7.0 Antécédents judiciaires : contacts, mesures de rechange, accusations, condamnations

Une condamnation ou des contacts antérieurs avec la police ont une forte incidence sur la probabilité que des accusations soient portées (Conly, 1978; Doob, 1983; Doob et Chan, 1982; Ericson, 1982). Peu importe qu'il y ait eu dépôt d'accusations ou verdict de culpabilité, le fait d'avoir eu des contacts avec la police étiquette l'adolescent comme délinquant probable et augmente la probabilité de mesures officielles ou d'un contact subséquent. L'analyse statistique des modes de classement par la police menée par Doob et Chan (1982) a permis de constater que les contacts antérieurs étaient un des éléments les plus importants, sinon le plus important, dans la décision de porter des accusations. Par ailleurs, Conly a constaté que les jeunes ayant déjà été accusés étaient beaucoup plus susceptibles d'être accusés pour le nouvel incident (52 p. 100) que ceux qui avaient déjà eu un contact, mais sans être accusés. La probabilité que ces derniers soient accusés (28 p. 100) était sensiblement la même (27 p. 100) que pour ceux qui n'avaient pas de dossier de contacts antérieurs (27 p. 100) (1978: 30).

Nous avons demandé aux répondants de parler de l'incidence, sur la décision de déposer des accusations, des contacts antérieurs de l'adolescent arrêté avec la police, de l'utilisation antérieure de mesures de rechange (surtout dans les territoires utilisant la déjudiciarisation avant le dépôt des accusations), des accusations antérieures et des condamnations antérieures. Aucun d'entre eux n'était porté à différencier ces éléments. Presque tous les répondants (96 p. 100) ont indiqué qu'un dossier antérieur (peu importe le type) est un facteur important (87 p. 100) ou un facteur (9 p. 100) dans leur décision. Les policiers ont rappelé, à plusieurs reprises, qu'ils considèrent les antécédents de l'adolescent comme un facteur aussi important que la gravité de l'infraction elle-même. Ils évaluaient ces deux facteurs en même temps et il s'agissait, inévitablement, des premiers et des principaux facteurs dont ils disaient tenir compte.

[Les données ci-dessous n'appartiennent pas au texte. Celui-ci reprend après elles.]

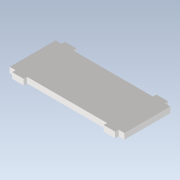
# Autodesk Inventor part: Steckerplatte_seit
Saved by Autodesk Inventor 2022 (Build 260153000, 153)
## iProperties
Created: 2022-02-01
Part Number: Steckerplatte_seit
Material: Generic
Document SubType Name: Modeling
Designer: Fabijansven
Density: 1 g/cm^3
Appearance: Default
Author: Fabijansven
Autodesk Inventor part; units mm, degrees
ref_plane "YZ Plane" through (0, 0, 0) normal (1, 0, 0) x (0, 1, 0)
ref_plane "XZ Plane" through (0, 0, 0) normal (0, 1, 0) x (-1, 0, 0)
ref_plane "XY Plane" through (0, 0, 0) normal (0, 0, 1) x (1, 0, 0)
sketch "Sketch1" plane through (0, 0, 0) normal (0, 1, 0) x (-1, 0, 0)
  line L0 (0, 0) -> (100, 0)
  line L1 (100, 0) -> (100, -40)
  line L2 (100, -40) -> (0, -40)
  line L3 (0, -40) -> (0, 0)
  line L4 (94.9, -40) -> (84.9, -40)
  line L5 (84.9, -40) -> (84.9, -43)
  line L6 (84.9, -43) -> (94.9, -43)
  line L7 (94.9, -43) -> (94.9, -40)
  line L8 (15.1, -40) -> (5.1, -40)
  line L9 (5.1, -40) -> (5.1, -43)
  line L10 (5.1, -43) -> (15.1, -43)
  line L11 (15.1, -43) -> (15.1, -40)
  line L12 (15.1, 0) -> (5.1, 0)
  line L13 (5.1, 0) -> (5.1, 3)
  line L14 (5.1, 3) -> (15.1, 3)
  line L15 (15.1, 3) -> (15.1, 0)
  line L16 (84.9, 0) -> (94.9, 0)
  line L17 (94.9, 0) -> (94.9, 3)
  line L18 (94.9, 3) -> (84.9, 3)
  line L19 (84.9, 3) -> (84.9, 0)
  dimension "d0" = 40
  dimension "d1" = 100
  dimension "d2" = 3
  dimension "d3" = 5.1
  dimension "d4" = 10
  dimension "d5" = 5.1
  dimension "d6" = 10
  dimension "d7" = 5.1
  dimension "d8" = 3
  dimension "d9" = 5.1
  dimension "d10" = 10
  constraints: 40 end point, 10 parallel, 7 point on line, 5 horizontal, 5 perpendicular
  measures "d0" distance of L0.end L1.end
  measures "d1" distance of L1.end L2.end
  measures "d2" distance between parallel lines of L4 L6
  measures "d3" distance between parallel lines of L7 L1
  measures "d4" distance of L5.end L6.end
  measures "d5" distance between parallel lines of L9 L3
  measures "d6" distance of L9.end L10.end
  measures "d7" distance between parallel lines of L3 L13
  measures "d8" distance between parallel lines of L0 L14
  measures "d9" distance between parallel lines of L1 L17
  measures "d10" distance of L17.end L18.end
extrude "Extrusion1" add sketch "Sketch1" along normal blind 5
sketch "Sketch2" plane through (0, 0, 0) normal (0, -1, 0) x (1, 0, 0)
  circle A0 centre (-82, -27.5) radius 9
  line L0 (-100, -40) -> (-100, 0) projected
  line L1 (-15.1, -40) -> (-84.9, -40) projected
  point P0 (0, 0)
  dimension "d13" = 18
  dimension "d14" = 18
  dimension "d15" = 12.5
  constraints: 1 centre point
  measures "d13" diameter of A0
  measures "d14" distance from line of L0 A0.centre
  measures "d15" distance from line of L1 A0.centre
extrude "Extrusion2" cut sketch "Sketch2" against normal blind 5
body "Solid1"

La figure V.4 illustre la répartition géographique des réponses à cette question. Le Québec est l'exception, peut-être en raison de l'approche davantage orientée vers le bien-être de l'adolescent dans le système de justice de cette province et peut-être, également, parce que les policiers ne prennent pas la décision finale de porter des accusations. Il faut souligner que le dossier antérieur est manifestement un facteur important en Colombie-britannique, l'autre province où le ministère public révise les dossiers. Ceci rappelle la constatation de Black et Reiss (1970) selon laquelle les antécédents judiciaires étaient moins importants pour les patrouilleurs (qui prenaient seulement la décision d'arrêter) que pour les agents du bureau des jeunes qui décidaient de porter ou non des accusations.

Figure V.4 Répartition régionale des opinions sur l'incidence des antécédents judiciaires de l'adolescent sur la prise de décision

Figure V.4 - Répartition régionale des opinions sur l'incidence des antécédents judiciaires de l'adolescent sur la prise de décision - Si vous ne pouvez visualisez ce graphique, veuillez communiquer avec la Section de la politique en matière de justice applicable aux jeunes à Youth-Jeunes@justice.gc.ca pour obtenir un autre format approprié.

Description

Les policiers des collectivités ayant de graves problèmes de crimes violents chez les adolescents sont moins portés à affirmer que les antécédents judiciaires de l'adolescent constituent un facteur ou un facteur important dans leur décision (80 p. 100 par rapport à 90 p. 100 des autres policiers). Il en va de même des policiers œuvrant dans une réserve des Premières nations (81 p. 100 par rapport à 89 p. 100). Les policiers œuvrant dans les collectivités ayant un problème de prostitution juvénile sont plus susceptibles de tenir compte des antécédents judiciaires (100 p. 100 par rapport à 86 p. 100 des autres policiers).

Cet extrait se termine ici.